# Malta Convoy re M.V.Waimarama.



## allenr.

This is for the oldies amongst us and is from Mr.Pat Harris, one of the few
survivors of the sinking of the M.V. Waimarama. during the Malta convoy in
1942. This was one of the New Zealand Shipping Co's ships before they got
the big grey paint job. Pat would like to know if there are any old members and mates who are still alive?. This message was requested by my older brother who lives not far from Pat in the North of the South Island of N.Z.
My Brother Mick is an ex Seafairer from the Harrison Line 1947 onwards, hopefully he will be joining Ships nostalgia soon, meanwhile if there are any
replies, I would be happy to recieve them
thanks for any help, Rob Allen.


----------



## Brian Twyman

Rob
This is one query I really would love to be able to answer.

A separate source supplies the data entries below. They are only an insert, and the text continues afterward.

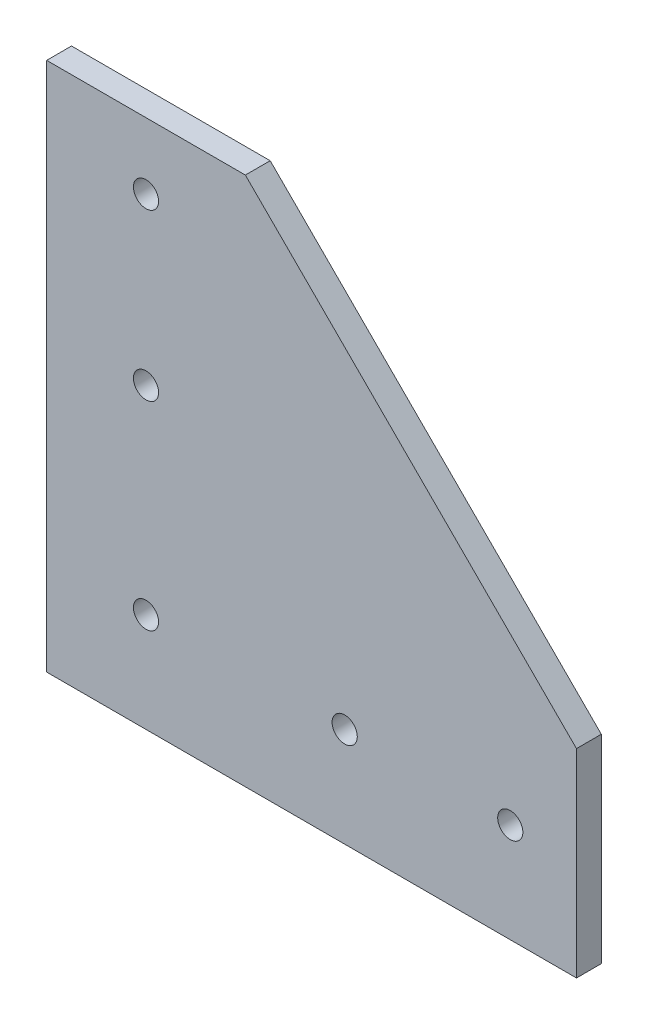
SolidWorks part; units mm, degrees
ref_plane "Front Plane" through (0, 0, 0) normal (0, 0, 1) x (1, 0, 0)
ref_plane "Top Plane" through (0, 0, 0) normal (0, 1, 0) x (1, 0, 0)
ref_plane "Right Plane" through (0, 0, 0) normal (1, 0, 0) x (0, 0, -1)
sketch "Sketch1" plane through (0, 0, 0) normal (0, 0, 1) x (1, 0, 0)
  line L0 (38.1, 101.6) -> (101.6, 38.1)
  line L1 (0, 0) -> (101.6, 0)
  line L2 (0, 0) -> (0, 101.6)
  line L3 (0, 101.6) -> (101.6, 101.6)
  line L4 (101.6, 0) -> (101.6, 101.6)
  circle A0 centre (19.05, 19.05) radius 2.413
  circle A1 centre (19.05, 57.15) radius 2.413
  circle A2 centre (19.05, 88.9) radius 2.413
  circle A3 centre (88.9, 19.05) radius 2.413
  circle A4 centre (57.15, 19.05) radius 2.413
  dimension "D6" = 4.826
  dimension "D12" = 4.826
  dimension "D13" = 4.826
  dimension "D14" = 4.826
  dimension "D15" = 4.826
  dimension "D1" = 101.6
  dimension "D2" = 101.6
  dimension "D3" = 38.1
  dimension "D4" = 38.1
  dimension "D5" = 12.7
  dimension "D7" = 19.05
  dimension "D8" = 38.1
  dimension "D9" = 19.05
  dimension "D10" = 19.05
  dimension "D11" = 19.05
  dimension "D16" = 12.7
  dimension "D17" = 31.75
  dimension "D18" = 19.05
  dimension "D19" = 19.05
extrude "Boss-Extrude1" add sketch "Sketch1" along normal blind 4.7625 contours L1 L4 L0 L3 L2 A4 A3 A2 A1 A0
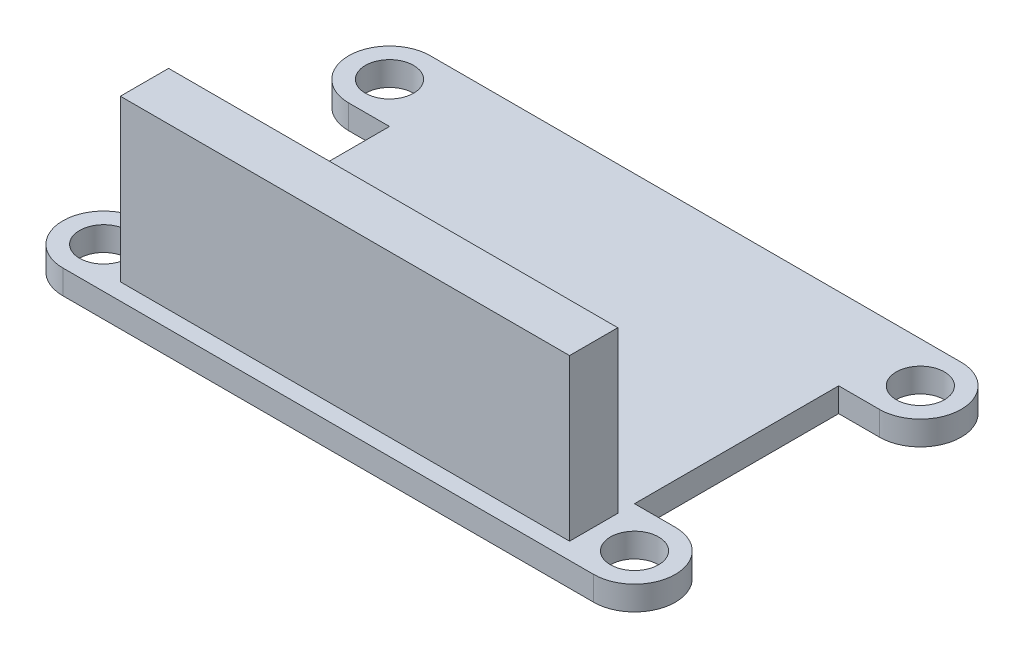
SolidWorks part; units mm, degrees
ref_plane "Спереди" through (0, 0, 0) normal (0, 0, 1) x (1, 0, 0)
ref_plane "Сверху" through (0, 0, 0) normal (0, 1, 0) x (1, 0, 0)
ref_plane "Справа" through (0, 0, 0) normal (1, 0, 0) x (0, 0, -1)
sketch "Эскиз1" plane through (0, 0, 0) normal (0, 1, 0) x (1, 0, 0)
  line L0 (2.54, 0) -> (35.56, 0)
  line L2 (35.56, 22.86) -> (2.54, 22.86)
  line L3 (19.05, 22.86) -> (19.05, -4.4464) construction
  line L4 (19.05, 22.86) -> (2.54, 22.86)
  line L5 (2.54, 22.86) -> (2.54, 0) construction
  line L6 (2.54, 11.43) -> (2.54, 20.32) construction
  line L7 (2.54, 11.43) -> (2.54, 2.54) construction
  line L8 (5.08, 17.78) -> (5.08, 5.08)
  line L9 (2.54, 17.78) -> (5.08, 17.78)
  line L10 (2.54, 5.08) -> (5.08, 5.08)
  line L11 (35.56, 11.43) -> (35.56, 2.54) construction
  line L12 (35.56, 11.43) -> (35.56, 20.32) construction
  line L13 (35.56, 22.86) -> (35.56, 0) construction
  line L14 (35.56, 5.08) -> (33.02, 5.08)
  line L15 (35.56, 17.78) -> (33.02, 17.78)
  line L16 (33.02, 17.78) -> (33.02, 5.08)
  circle A0 centre (2.54, 20.32) radius 1.5
  circle A1 centre (2.54, 2.54) radius 1.5
  arc A2 (2.54, 22.86) -> (2.54, 17.78) centre (2.54, 20.32) ccw
  arc A3 (2.54, 5.08) -> (2.54, 0) centre (2.54, 2.54) ccw
  arc A4 (35.56, 5.08) -> (35.56, 0) centre (35.56, 2.54) cw
  arc A5 (35.56, 22.86) -> (35.56, 17.78) centre (35.56, 20.32) cw
  circle A6 centre (35.56, 2.54) radius 1.5
  circle A7 centre (35.56, 20.32) radius 1.5
extrude "Бобышка-Вытянуть1" add sketch "Эскиз1" along normal blind 1.5 contours A5 L2 A2 L9 L8 L10 A3 L0 A4 L14 L16 L15 A6 A1 A0 A7
sketch "Эскиз2" plane through (0, 1.5, 0) normal (0, 1, 0) x (1, 0, 0)
  line L0 (33.02, 4.04) -> (33.02, 1.04)
  line L4 (33.02, 5.08) -> (33.02, 4.04)
  line L5 (5.08, 4.04) -> (33.02, 4.04)
  line L6 (5.08, 4.04) -> (5.08, 1.04)
  line L7 (33.02, 1.04) -> (5.08, 1.04)
  line L8 (5.08, 1.04) -> (5.08, 4.04)
extrude "Бобышка-Вытянуть2" add sketch "Эскиз2" along normal blind 10 contours L7 L0 L5 L6
ref_plane "Плоскость1" through (0, 0, -11.43) normal (0, 0, 1) x (1, 0, 0)

But will you please pass on to Mr. Pat Harris my sincere thanks for his courage and his service during those dark days. I am sure I speak for all SN members in wishing him well. (Thumb) 
Best Regards
Brian


----------



## Geoff_E

I believe the well known actor Frederick Treves was a cadet on the Waimarama, is he still alive? I tried searching in google but it only brought up references to his acting roles, no biographical details.
He was interviewed for the television do***entary on "Operation Pedestal" and proved a very moving witness to this proud event in the annals of the Merchant Navy.


----------



## allenr.

thank you Brian and Geoff, I will pass your replies back up north as soon as
possible, just as a matter of interest when my brother was on one of the
Harrison ships he sailed with an A.B. who was also one of the Survivors,
thanks again for getting in touch. Rob Allen. R623365


----------



## David Davies

*mv Waimarama*

The Waimarama I believe was one of Shaw Savill's "W" class and as far as I can remember was involved in another incident in 1939 as relayed to me by a reliable source in the late 40's who had been on board her at the time. On leaving Curacao she fell in with and engaged a German merchant ship with her DEMS armament resulting in the German ship being holed and run ashore.
The outcome was that the German government declared it as an act of piracy on the part of Waimarama and any of her people on board at that time would be treated as pirates if they fell into German hands and dealt with accordingly. This of course was at the begining of the war. The reaction of the British government was to withdraw all their discharge books and issue them with new ones with no mention of Waimarama. These are the facts as I remember being told, perhaps some one else may have knowledge of this incident as I've never found any reference to it else ware even in Shaw Savill's history.


----------



## allenr.

*M.V. Waimarama*

David Davies, Thank you for your reply, I will pass this infor on
as soon as possible
Kind regards. Rob Allen. R623365


----------



## sparkie2182

This is a transcript of an interview with a modest "Freddie Treves".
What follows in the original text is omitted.